DIRECTIONS FOR THIS TASK:
Supply the number of lines below containing "layers", nothing else.

= = =

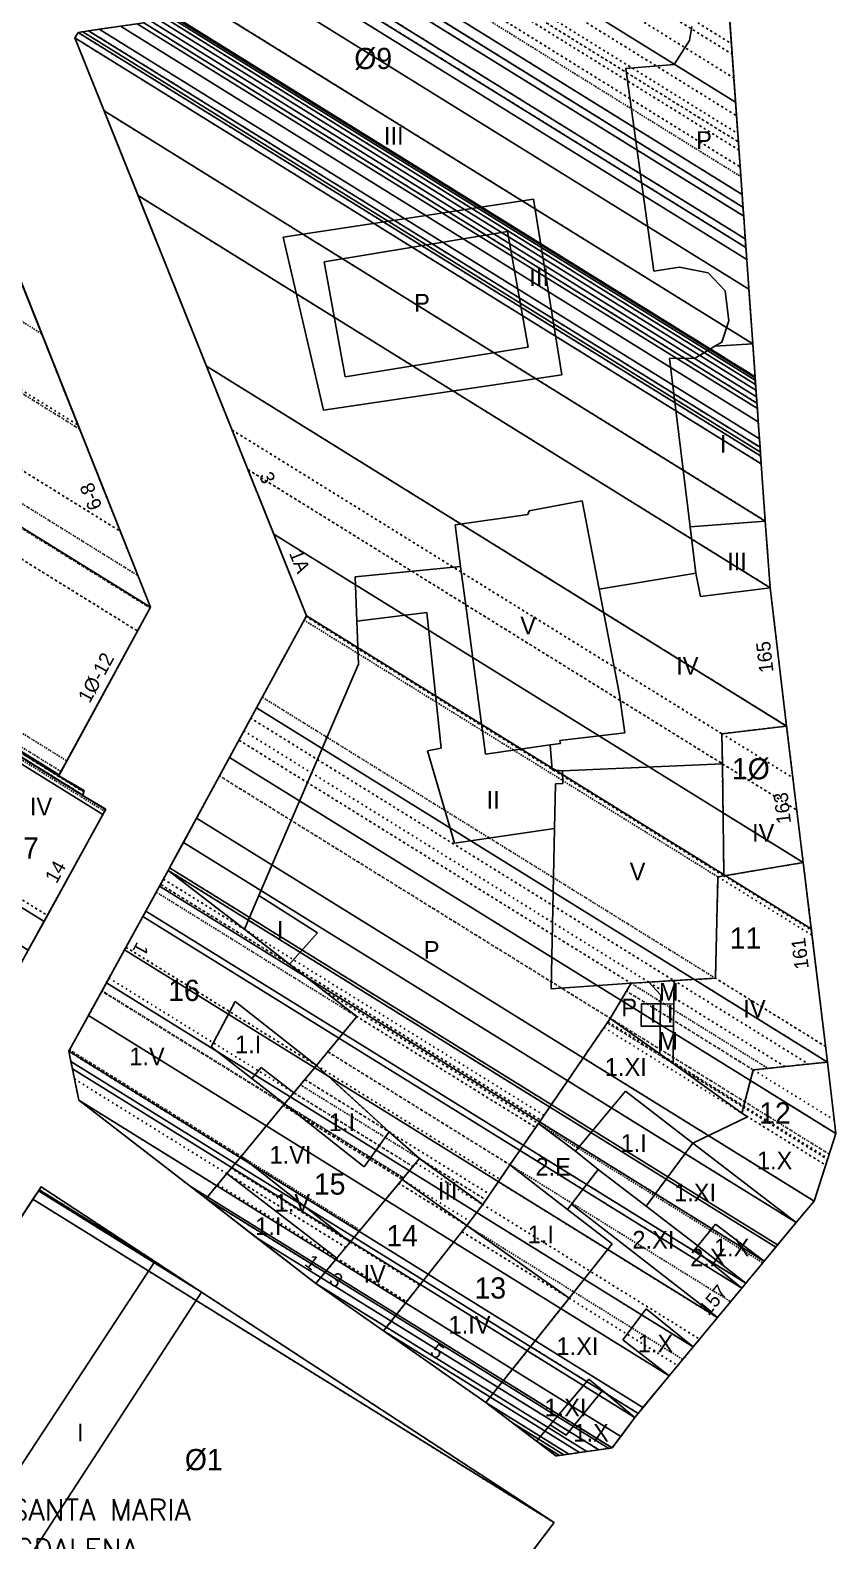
# Model space of a CAD drawing. Extents: x 676646 to 677304, y 613389 to 613969.
# Drawn here: x 677247.2 to 677304.2, y 613641.8 to 613748.6 of the extents above; entities that cross this region are included whole.
import ezdxf
from ezdxf.enums import TextEntityAlignment as Align

# ---------------------------------------------------------------- set-up
doc = ezdxf.new("R2010")
doc.units = 0
doc.header["$MEASUREMENT"] = 0
doc.linetypes.add('DOT', pattern=[0.25, 0, -0.25])
doc.layers.get('0').update_dxf_attribs({"linetype": 'CONTINUOUS'})
for name, color, linetype in [('10', 7, 'CONTINUOUS'), ('11', 7, 'CONTINUOUS'), ('12', 7, 'CONTINUOUS'), ('13', 7, 'CONTINUOUS'), ('22', 7, 'CONTINUOUS'), ('27', 7, 'CONTINUOUS'), ('29', 7, 'CONTINUOUS'), ('62', 7, 'CONTINUOUS'), ('CONSTRUCTION_CLASS', 7, 'CONTINUOUS')]:
    doc.layers.add(name, color=color, linetype=linetype)
doc.styles.add('ROMANS', font='ROMANS', dxfattribs={"height": 0.2})
doc.styles.get("Standard").update_dxf_attribs({"font": 'txt', "height": 0.2})

msp = doc.modelspace()

# ---------------------------------------------------------------- linework, layer by layer
at = {"layer": '10', "color": 215, "linetype": 'CONTINUOUS'}
for p, q in [((677297.58, 613737.03), (677295.93, 613760.22)), ((677250.59, 613748.48), (677250.36, 613748.1)), ((677251.33, 613748.61), (677250.59, 613748.48)), ((677255.24, 613749.17), (677251.33, 613748.61)), ((677250.36, 613748.1), (677266.75, 613707.23)), ((677255.7, 613707.83), (677242.77, 613740.3)), ((677298.33, 613726.47), (677297.58, 613737.03)), ((677299.22, 613713.93), (677298.33, 613726.47)), ((677299.57, 613709.21), (677299.22, 613713.93)), ((677300.73, 613699.43), (677299.57, 613709.21)), ((677249.21, 613695.9), (677255.7, 613707.83)), ((677266.75, 613707.23), (677257.06, 613689.4)), ((677301.91, 613689.77), (677300.73, 613699.43)), ((677251.01, 613694.88), (677249.21, 613695.9)), ((677250.92, 613694.52), (677251.01, 613694.88)), ((677252.54, 613693.54), (677250.92, 613694.52)), ((677247.06, 613683.57), (677252.54, 613693.54)), ((677303.62, 613675.66), (677301.91, 613689.77)), ((677256.96, 613689.22), (677249.92, 613676.42)), ((677257.06, 613689.4), (677256.96, 613689.22)), ((677249.92, 613676.42), (677250.64, 613672.96)), ((677304.21, 613670.6), (677303.62, 613675.66)), ((677250.64, 613672.96), (677259.64, 613666)), ((677302.67, 613665.83), (677304.21, 613670.6)), ((677247.96, 613666.83), (677228.26, 613636.64)), ((677256.01, 613661.56), (677247.96, 613666.83)), ((677259.64, 613666), (677267.41, 613660)), ((677301.41, 613664.31), (677302.67, 613665.83)), ((677299.14, 613661.58), (677301.41, 613664.31)), ((677259.32, 613659.39), (677256.01, 613661.56)), ((677297.85, 613660.01), (677299.14, 613661.58)), ((677267.41, 613660), (677272.21, 613656.64)), ((677297.56, 613659.67), (677297.85, 613660.01)), ((677284.27, 613643.08), (677259.32, 613659.39)), ((677295.83, 613657.58), (677297.56, 613659.67)), ((677272.21, 613656.64), (677279.44, 613651.57)), ((677294.12, 613655.51), (677295.83, 613657.58)), ((677292.42, 613653.46), (677294.12, 613655.51)), ((677290.22, 613650.81), (677292.42, 613653.46)), ((677279.44, 613651.57), (677283.03, 613648.84)), ((677288.38, 613648.36), (677289.99, 613650.51)), ((677289.99, 613650.51), (677290.22, 613650.81)), ((677283.03, 613648.84), (677284.4, 613647.8)), ((677284.96, 613647.88), (677287.44, 613648.23)), ((677287.44, 613648.23), (677288.38, 613648.36)), ((677284.4, 613647.8), (677284.96, 613647.88)), ((677267.82, 613621.38), (677284.27, 613643.08))]:
    msp.add_line(p, q, dxfattribs=at)
at = {"layer": '11', "color": 215, "linetype": 'CONTINUOUS'}
for p, q in [((677249.21, 613695.9), (677240.18, 613701.47)), ((677300.73, 613699.43), (677296.15, 613698.88)), ((677296.18, 613696.76), (677296.15, 613698.88)), ((677296.29, 613688.83), (677296.18, 613696.76)), ((677301.91, 613689.77), (677296.29, 613688.83)), ((677262.35, 613685.05), (677256.96, 613689.22)), ((677295.87, 613688.76), (677295.69, 613681.59)), ((677296.29, 613688.83), (677295.87, 613688.76)), ((677265.54, 613682.58), (677262.35, 613685.05)), ((677270.31, 613678.88), (677265.54, 613682.58)), ((677289.72, 613681.23), (677288.25, 613678.75)), ((677290.98, 613681.31), (677289.72, 613681.23)), ((677292.76, 613681.42), (677290.98, 613681.31)), ((677295.69, 613681.59), (677292.76, 613681.42)), ((677270.31, 613678.88), (677267.45, 613675.42)), ((677288.25, 613678.75), (677283.16, 613671.32)), ((677291.76, 613676.23), (677288.25, 613678.75)), ((677292.7, 613675.55), (677291.76, 613676.23)), ((677267.45, 613675.42), (677265.85, 613673.49)), ((677272.59, 613670.73), (677267.45, 613675.42)), ((677297.57, 613672.04), (677292.7, 613675.55)), ((677298.37, 613675.1), (677297.57, 613672.04)), ((677303.62, 613675.66), (677298.37, 613675.1)), ((677265.17, 613672.68), (677262.12, 613668.99)), ((677265.19, 613672.7), (677265.17, 613672.68)), ((677265.85, 613673.49), (677265.19, 613672.7)), ((677274.74, 613668.83), (677272.59, 613670.73)), ((677283.16, 613671.32), (677281.15, 613668.39)), ((677262.12, 613668.99), (677261.11, 613667.77)), ((677274.74, 613668.83), (677273.52, 613667.36)), ((677279.22, 613665.58), (677274.74, 613668.83)), ((677281.15, 613668.39), (677279.22, 613665.58)), ((677261.11, 613667.77), (677259.64, 613666)), ((677273.52, 613667.36), (677269.84, 613662.93)), ((677279.22, 613665.58), (677278.09, 613664.1)), ((677278.09, 613664.1), (677272.21, 613656.64)), ((677285.35, 613658.95), (677278.09, 613664.1)), ((677269.84, 613662.93), (677268.89, 613661.78)), ((677268.89, 613661.78), (677267.41, 613660)), ((677285.35, 613658.95), (677279.44, 613651.57))]:
    msp.add_line(p, q, dxfattribs=at)
at = {"layer": '12', "color": 15, "linetype": 'CONTINUOUS'}
for p, q in [((677294.01, 613748.9), (677293.86, 613747.93)), ((677293.86, 613747.93), (677292.78, 613746.22)), ((677292.78, 613746.22), (677289.36, 613745.93)), ((677291.33, 613731.6), (677289.36, 613745.93)), ((677282.82, 613736.69), (677265.11, 613734.01)), ((677282.82, 613736.69), (677284.83, 613724.27)), ((677267.96, 613721.77), (677265.11, 613734.01)), ((677268.01, 613732.27), (677280.98, 613734.42)), ((677280.98, 613734.42), (677282.43, 613726.22)), ((677268.01, 613732.27), (677269.49, 613724.14)), ((677293.14, 613731.89), (677291.33, 613731.6)), ((677295.18, 613731.49), (677293.14, 613731.89)), ((677296.37, 613730.21), (677295.18, 613731.49)), ((677296.64, 613728.09), (677296.37, 613730.21)), ((677296.14, 613726.59), (677296.64, 613728.09)), ((677269.49, 613724.14), (677282.43, 613726.22)), ((677294.25, 613725.46), (677295.65, 613726.3)), ((677295.65, 613726.3), (677296.14, 613726.59)), ((677295.65, 613726.3), (677298.33, 613726.47)), ((677292.43, 613725.43), (677294.25, 613725.46)), ((677293.9, 613713.53), (677292.43, 613725.43)), ((677284.83, 613724.27), (677267.96, 613721.77)), ((677286.25, 613715.36), (677282.5, 613714.65)), ((677286.25, 613715.36), (677287.46, 613709.11)), ((677282.42, 613714.4), (677277.27, 613713.65)), ((677282.5, 613714.65), (677282.42, 613714.4)), ((677277.27, 613713.65), (677277.65, 613710.72)), ((677299.22, 613713.93), (677293.9, 613713.53)), ((677294.31, 613710.24), (677293.9, 613713.53)), ((677277.65, 613710.72), (677270.19, 613709.99)), ((677277.65, 613710.72), (677278.04, 613707.78)), ((677287.46, 613709.11), (677294.31, 613710.24)), ((677294.31, 613710.24), (677294.63, 613708.58)), ((677270.19, 613709.99), (677270.32, 613706.85)), ((677287.46, 613709.11), (677288.87, 613701.78)), ((677294.63, 613708.58), (677299.57, 613709.21)), ((677275.26, 613707.47), (677270.32, 613706.85)), ((677270.32, 613706.85), (677270.44, 613703.81)), ((677276.29, 613697.86), (677275.26, 613707.47)), ((677278.04, 613707.78), (677279.41, 613697.44)), ((677270.44, 613703.81), (677263.38, 613687.43)), ((677288.87, 613701.78), (677289.27, 613698.94)), ((677289.27, 613698.94), (677284.68, 613698.4)), ((677284.68, 613698.4), (677284.73, 613698.19)), ((677275.32, 613697.67), (677276.29, 613697.86)), ((677277.23, 613691.14), (677275.32, 613697.67)), ((677284, 613698.09), (677279.41, 613697.44)), ((677284.73, 613698.19), (677284, 613698.09)), ((677284, 613698.09), (677284.13, 613696.33)), ((677284.13, 613696.33), (677284.86, 613696.25)), ((677296.18, 613696.76), (677284.86, 613696.25)), ((677284.86, 613696.25), (677284.88, 613695.36)), ((677284.38, 613695.35), (677284.31, 613692.19)), ((677284.88, 613695.36), (677284.38, 613695.35)), ((677284.31, 613692.19), (677277.23, 613691.14)), ((677284.31, 613692.19), (677284.07, 613680.85)), ((677263.38, 613687.43), (677262.35, 613685.05)), ((677263.38, 613687.43), (677267.52, 613684.8)), ((677265.54, 613682.58), (677267.52, 613684.8)), ((677289.72, 613681.23), (677284.07, 613680.85)), ((677290.98, 613681.31), (677291.82, 613680.4)), ((677292.76, 613681.42), (677292.74, 613679.76)), ((677291.82, 613680.4), (677291.81, 613679.77)), ((677260, 613676.73), (677261.71, 613679.94)), ((677267.45, 613675.42), (677261.71, 613679.94)), ((677290.45, 613679.79), (677290.44, 613678.2)), ((677291.81, 613679.77), (677290.45, 613679.79)), ((677291.81, 613679.77), (677291.79, 613678.2)), ((677292.74, 613679.76), (677291.81, 613679.77)), ((677292.74, 613679.76), (677292.73, 613678.2)), ((677291.79, 613678.2), (677290.44, 613678.2)), ((677291.79, 613678.2), (677291.76, 613676.23)), ((677292.73, 613678.2), (677291.79, 613678.2)), ((677292.73, 613678.2), (677292.7, 613675.55)), ((677262.87, 613674.5), (677260, 613676.73)), ((677263.55, 613675.27), (677262.87, 613674.5)), ((677265.85, 613673.49), (677263.55, 613675.27)), ((677265.19, 613672.7), (677262.87, 613674.5)), ((677270.83, 613668.24), (677265.19, 613672.7)), ((677285.78, 613669.35), (677289.32, 613673.59)), ((677289.32, 613673.59), (677294.09, 613669.93)), ((677294.09, 613669.93), (677297.95, 613671.78)), ((677297.57, 613672.04), (677297.95, 613671.78)), ((677272.59, 613670.73), (677270.83, 613668.24)), ((677283.16, 613671.32), (677285.78, 613669.35)), ((677294.09, 613669.93), (677290.8, 613665.46)), ((677301.41, 613664.31), (677294.09, 613669.93)), ((677269.84, 613662.93), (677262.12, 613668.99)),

= = =

PROBLEM SOLUTION:
2